To present 11-year results from DRAMES (“Décès en Relation avec l’Abus de Médicaments Et de Substances” or Deaths in Relation with the Abuse of Drugs and Substances) study and provide new insights into deaths at therapeutic concentration for two opioid substitution treatments (OSTs): methadone (MTD) and buprenorphine (BUP).

DRAMES study is an ANSM nationwide study initiated in 2005 in France. It is based on spontaneous declarations by forensic toxicologists and medical examiners of drugs of abuse related deaths in order to identify dangerous substances, assess their toxicity and monitor trends in fatalities. This database may be useful to better understand toxicity of MTD and BUP and therefore help forensic toxicologists in interpreting postmortem blood concentrations.

The study included data from 2010 to 2020, from 27 laboratories in France.

Drug imputability was determined cross-blinded by a forensic toxicologist and an addicto-vigilant pharmacist. A causality score from level 1 (high) to 4 (low) is assigned to each substance in connection with the occurrence of death according to the blood concentration and also making it possible to prioritize the molecules between them among those who are involved and those who are only identified. For level 1, depending on the number of molecules involved, the score breaks down into 1.0 (1 single substance), 1.1 (1 predominant substance), 1.2 (2 co-dominant substances) or 1.3 (at least 3 co-dominant substances). Monointoxication groups included 1.0 and 1.1 fatalities and polyintoxication group included 1.2 and 1.3 fatalities. Therapeutic concentrations were inferior to 200ng/mL and inferior to 10ng/mL for MTD and BUP, respectively. Non-parametric Mann-Whitney U tests were used to compare median concentrations between the different groups.

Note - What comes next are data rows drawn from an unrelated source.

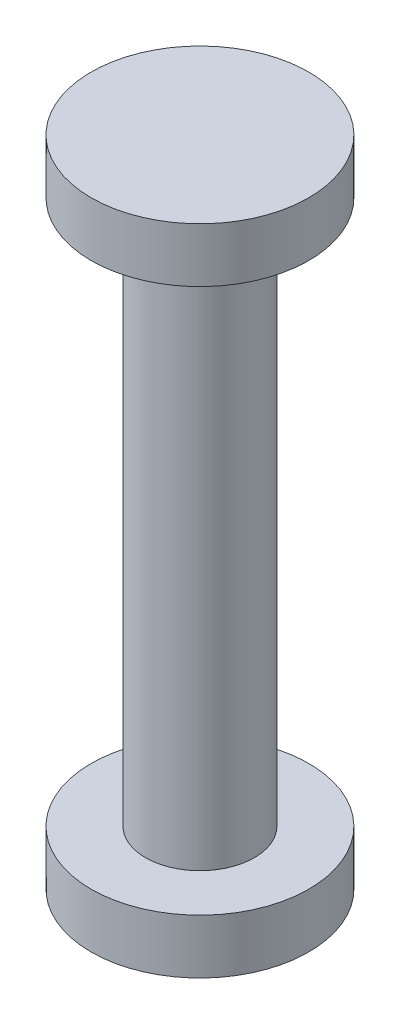
SolidWorks part; units mm, degrees
ref_plane "Front Plane" through (0, 0, 0) normal (0, 0, 1) x (1, 0, 0)
ref_plane "Top Plane" through (0, 0, 0) normal (0, 1, 0) x (1, 0, 0)
ref_plane "Right Plane" through (0, 0, 0) normal (1, 0, 0) x (0, 0, -1)
sketch "Sketch1" plane through (0, 0, 0) normal (0, 1, 0) x (1, 0, 0)
  circle A0 centre (0, 0) radius 5
  dimension "D1" = 10
extrude "Boss-Extrude1" add sketch "Sketch1" along normal mid plane 50
sketch "Sketch2" plane through (0, 25, 0) normal (0, 1, 0) x (1, 0, 0)
  circle A0 centre (0, 0) radius 10
  dimension "D1" = 20
extrude "Boss-Extrude2" add sketch "Sketch2" along normal blind 5
mirror "Mirror2" about plane through (0, 0, 0) normal (0, 1, 0) of "Boss-Extrude2"

The study included 1519 MTD-related deaths and 423 BUP-related deaths. Among those, 334 and 319 deaths were within the therapeutic range for MTD and BUP, respectively.

For MTD at therapeutic concentrations, higher concentrations were observed in the monointoxication group than in the polyintoxication group (149 vs. 119ng/mL; P<.001). But there was no difference between the naive and treated with OST groups (143 vs. 142ng/mL; P=0.461). Nor age, gender, association with cocaine or QTc-interval prolongation inducing drugs had a statistically significant effect on MTD concentrations.

For BUP, at therapeutic concentrations, higher concentrations were observed in the monointoxication group than in the polyintoxication group (2.8 vs. 2.2ng/mL; P=0.048). BUP concentrations were also higher in treated with OST group than in naive ones (2.4 vs. 1.1ng/mL; P=0.005).

This study identified different pattern for MTD and BUP fatalities at therapeutic concentration. Interestingly and contrary to BUP, at therapeutic concentrations, MTD concentrations did not differ in people under treatment and the naive ones. It has been showed that MTD induces more QTc-interval prolongation than BUP. Interindividual differences in susceptibility to cardiac toxicity could be an explanation for the deaths that could not be explained by therapeutic concentration or drug combination alone.

This study identified a different pattern for BUP and MTD fatalities at therapeutic concentration, suggesting a different toxicity mechanistic for the two OSTs at these concentrations.